Les militants du parti Rewmi n’ont pas tardé à réagir aux déclarations du Directeur général de la Caisse des dépôts et consignations (CDC), Fadilou Keïta. Pour la jeunesse du parti, regroupée autour d’Aly Nguer et des membres du Secrétariat national, les propos du responsable de la CDC traduisent une méconnaissance du passé politique récent et une volonté manifeste de réécrire l’histoire institutionnelle du pays.
D’emblée, les jeunes de Rewmi rappellent que le rapport de l’Inspection générale d’État (IGE) sur la gestion du Conseil économique, social et environnemental (CESE) avait été officiellement approuvé par l’ancien président Macky Sall. Selon eux, ce document mettait en cause aussi bien Aminata Touré qu’Idrissa Seck. Ils estiment donc infondé le discours de Fadilou Keïta, qui, à leurs yeux, semble ignorer ces conclusions ou choisir volontairement de les minimiser. En soulignant ce point, les militants entendent démontrer que l’actuel DG de la CDC ne tire aucune leçon des épisodes politiques passés.
Les responsables de la jeunesse de Rewmi établissent par ailleurs un parallèle entre la situation actuelle d’Ousmane Sonko et les polémiques liées aux rapports administratifs. Pour eux, les difficultés judiciaires du leader de Pastef trouvent leur origine dans un rapport similaire, preuve que ces documents ont, selon eux, une portée politique déterminante. Ils invitent ainsi Fadilou Keïta à faire preuve de plus de recul et à s’éloigner de ce qu’ils qualifient de « politique faite à l’ombre d’un mentor ».

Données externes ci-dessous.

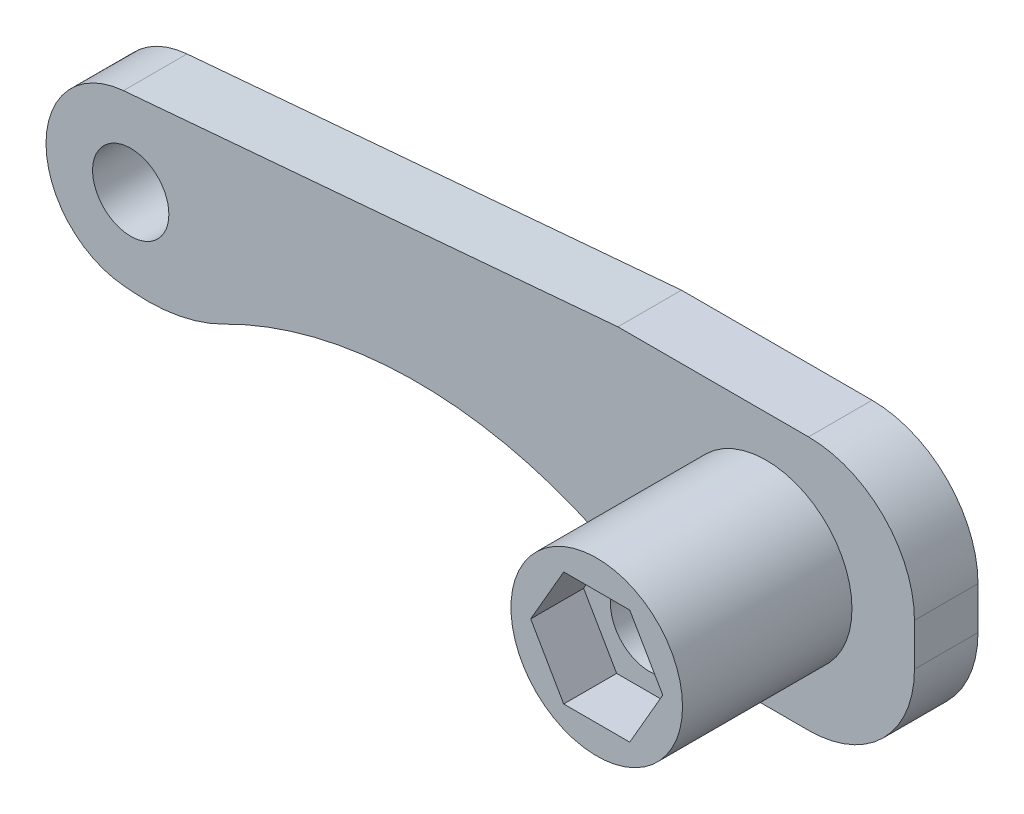
ISO-10303-21;
HEADER;
FILE_DESCRIPTION(('STEP AP214'),'2;1');
FILE_NAME('part.step','',(''),(''),'','','');
FILE_SCHEMA(('AUTOMOTIVE_DESIGN { 1 0 10303 214 1 1 1 1 }'));
ENDSEC;
DATA;
#1=APPLICATION_CONTEXT('core data for automotive mechanical design processes');
#2=APPLICATION_PROTOCOL_DEFINITION('international standard','automotive_design',2000,#1);
#3=PRODUCT_CONTEXT('',#1,'mechanical');
#4=PRODUCT('Part','Part','',(#3));
#5=PRODUCT_RELATED_PRODUCT_CATEGORY('part','',(#4));
#6=PRODUCT_DEFINITION_FORMATION('','',#4);
#7=PRODUCT_DEFINITION_CONTEXT('part definition',#1,'design');
#8=PRODUCT_DEFINITION('design','',#6,#7);
#9=PRODUCT_DEFINITION_SHAPE('','',#8);
#10=(LENGTH_UNIT() NAMED_UNIT(*) SI_UNIT(.MILLI.,.METRE.));
#11=(NAMED_UNIT(*) PLANE_ANGLE_UNIT() SI_UNIT($,.RADIAN.));
#12=(NAMED_UNIT(*) SI_UNIT($,.STERADIAN.) SOLID_ANGLE_UNIT());
#13=UNCERTAINTY_MEASURE_WITH_UNIT(LENGTH_MEASURE(1.E-05),#10,'distance_accuracy_value','');
#14=(GEOMETRIC_REPRESENTATION_CONTEXT(3) GLOBAL_UNCERTAINTY_ASSIGNED_CONTEXT((#13)) GLOBAL_UNIT_ASSIGNED_CONTEXT((#10,
#11,#12)) REPRESENTATION_CONTEXT('',''));
#15=CARTESIAN_POINT('',(0.,0.,0.));
#16=DIRECTION('',(0.,0.,1.));
#17=DIRECTION('',(1.,0.,0.));
#18=AXIS2_PLACEMENT_3D('',#15,#16,#17);
#19=CARTESIAN_POINT('',(0.,-6.,3.));
#20=DIRECTION('',(0.,1.,0.));
#21=DIRECTION('',(0.,0.,1.));
#22=AXIS2_PLACEMENT_3D('',#19,#20,#21);
#23=PLANE('',#22);
#24=DIRECTION('',(1.,0.,0.));
#25=VECTOR('',#24,1.);
#26=CARTESIAN_POINT('',(0.,-6.,3.));
#27=LINE('',#26,#25);
#28=CARTESIAN_POINT('',(-0.531280577328697,-6.,3.));
#29=VERTEX_POINT('',#28);
#30=CARTESIAN_POINT('',(2.,-6.,3.));
#31=VERTEX_POINT('',#30);
#32=EDGE_CURVE('E233',#29,#31,#27,.T.);
#33=ORIENTED_EDGE('',*,*,#32,.F.);
#34=DIRECTION('',(0.,0.,-1.));
#35=VECTOR('',#34,1.);
#36=CARTESIAN_POINT('',(-0.531280577328697,-6.,0.));
#37=LINE('',#36,#35);
#38=CARTESIAN_POINT('',(-0.531280577328697,-6.,0.));
#39=VERTEX_POINT('',#38);
#40=EDGE_CURVE('E62',#29,#39,#37,.T.);
#41=ORIENTED_EDGE('',*,*,#40,.T.);
#42=DIRECTION('',(1.,0.,0.));
#43=VECTOR('',#42,1.);
#44=CARTESIAN_POINT('',(0.,-6.,0.));
#45=LINE('',#44,#43);
#46=CARTESIAN_POINT('',(2.,-6.,0.));
#47=VERTEX_POINT('',#46);
#48=EDGE_CURVE('E229',#39,#47,#45,.T.);
#49=ORIENTED_EDGE('',*,*,#48,.T.);
#50=DIRECTION('',(0.,0.,-1.));
#51=VECTOR('',#50,1.);
#52=CARTESIAN_POINT('',(2.,-6.,3.));
#53=LINE('',#52,#51);
#54=EDGE_CURVE('E286',#47,#31,#53,.F.);
#55=ORIENTED_EDGE('',*,*,#54,.T.);
#56=EDGE_LOOP('',(#33,#41,#49,#55));
#57=FACE_BOUND('',#56,.T.);
#58=ADVANCED_FACE('F39',(#57),#23,.F.);
#59=CARTESIAN_POINT('',(-0.565790740129366,-6.55533627372847,3.));
#60=DIRECTION('',(-0.0859902551616277,-0.996295978119574,0.));
#61=DIRECTION('',(0.996295978119574,-0.0859902551616277,0.));
#62=AXIS2_PLACEMENT_3D('',#59,#60,#61);
#63=PLANE('',#62);
#64=DIRECTION('',(-0.996295978119574,0.0859902551616277,0.));
#65=VECTOR('',#64,1.);
#66=CARTESIAN_POINT('',(-0.565790740129366,-6.55533627372847,0.));
#67=LINE('',#66,#65);
#68=CARTESIAN_POINT('',(-29.901916014926,-4.02333679442265,0.));
#69=VERTEX_POINT('',#68);
#70=CARTESIAN_POINT('',(-30.3439610206465,-3.9851839124783,0.));
#71=VERTEX_POINT('',#70);
#72=EDGE_CURVE('E265',#69,#71,#67,.T.);
#73=ORIENTED_EDGE('',*,*,#72,.F.);
#74=DIRECTION('',(0.,0.,1.));
#75=VECTOR('',#74,1.);
#76=CARTESIAN_POINT('',(-29.901916014926,-4.02333679442265,3.));
#77=LINE('',#76,#75);
#78=CARTESIAN_POINT('',(-29.901916014926,-4.02333679442265,3.));
#79=VERTEX_POINT('',#78);
#80=EDGE_CURVE('E11',#69,#79,#77,.T.);
#81=ORIENTED_EDGE('',*,*,#80,.T.);
#82=DIRECTION('',(-0.996295978119574,0.0859902551616277,0.));
#83=VECTOR('',#82,1.);
#84=CARTESIAN_POINT('',(-0.565790740129366,-6.55533627372847,3.));
#85=LINE('',#84,#83);
#86=CARTESIAN_POINT('',(-30.3439610206465,-3.9851839124783,3.));
#87=VERTEX_POINT('',#86);
#88=EDGE_CURVE('E247',#79,#87,#85,.T.);
#89=ORIENTED_EDGE('',*,*,#88,.T.);
#90=DIRECTION('',(0.,0.,-1.));
#91=VECTOR('',#90,1.);
#92=CARTESIAN_POINT('',(-30.3439610206465,-3.9851839124783,3.));
#93=LINE('',#92,#91);
#94=EDGE_CURVE('E252',#87,#71,#93,.T.);
#95=ORIENTED_EDGE('',*,*,#94,.T.);
#96=EDGE_LOOP('',(#73,#81,#89,#95));
#97=FACE_BOUND('',#96,.T.);
#98=ADVANCED_FACE('F352',(#97),#63,.T.);
#99=CARTESIAN_POINT('',(0.,0.,3.));
#100=DIRECTION('',(0.,0.,1.));
#101=DIRECTION('',(1.,0.,0.));
#102=AXIS2_PLACEMENT_3D('',#99,#100,#101);
#103=PLANE('',#102);
#104=CARTESIAN_POINT('',(0.,0.,3.));
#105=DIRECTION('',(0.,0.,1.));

Sur la question d’un éventuel rapport incriminant Idrissa Seck, les jeunes militants réfutent catégoriquement cette hypothèse. Ils rappellent que le passage du président de Rewmi à la tête du CESE avait été unanimement salué. Ils accusent Fadilou Keïta et ses soutiens de manipuler les faits, arguant qu’aucun document, aujourd’hui comme demain, ne pourrait remettre en cause la gestion d’Idrissa Seck au sein de l’institution. « Vous faites partie de ceux qui, lorsqu’ils ne peuvent pas changer les faits, tentent de changer les mots », lâchent-ils avec fermeté.
Dans leur communiqué, les jeunes du parti n’hésitent pas à évoquer l’historique judiciaire de certaines personnalités politiques pour soutenir leur argumentation. Ils rappellent notamment que l’homme politique Thierno Bocoum, surnommé « Mara », avait affronté l’État et passé sept mois et sept jours en prison avant d’être totalement blanchi. Un parcours qu’ils opposent à celui d’Ousmane Sonko, condamné pour diffamation, puis pour corruption de la jeunesse, des décisions judiciaires qu’ils soulignent pour illustrer, selon eux, la différence de posture entre les deux trajectoires.
Enfin, c’est sur le terrain politique que les militants de Rewmi adressent leur dernière charge à l’endroit de Fadilou Keïta. Ils l’accusent d’être en panne d’inspiration et d’avoir repris, plus de vingt ans après, le concept du « plan Grappes de convergence » imaginé par Idrissa Seck. Pour eux, ce « plagiat » démontre l’avance intellectuelle et stratégique du leader de Rewmi. Ils affirment que si Fadilou Keïta manque encore de repères, il peut toujours se référer au « Pacte » d’Idrissa Seck, rappelant que ce dernier n’est ni son leader, ni celui de Mimi Touré.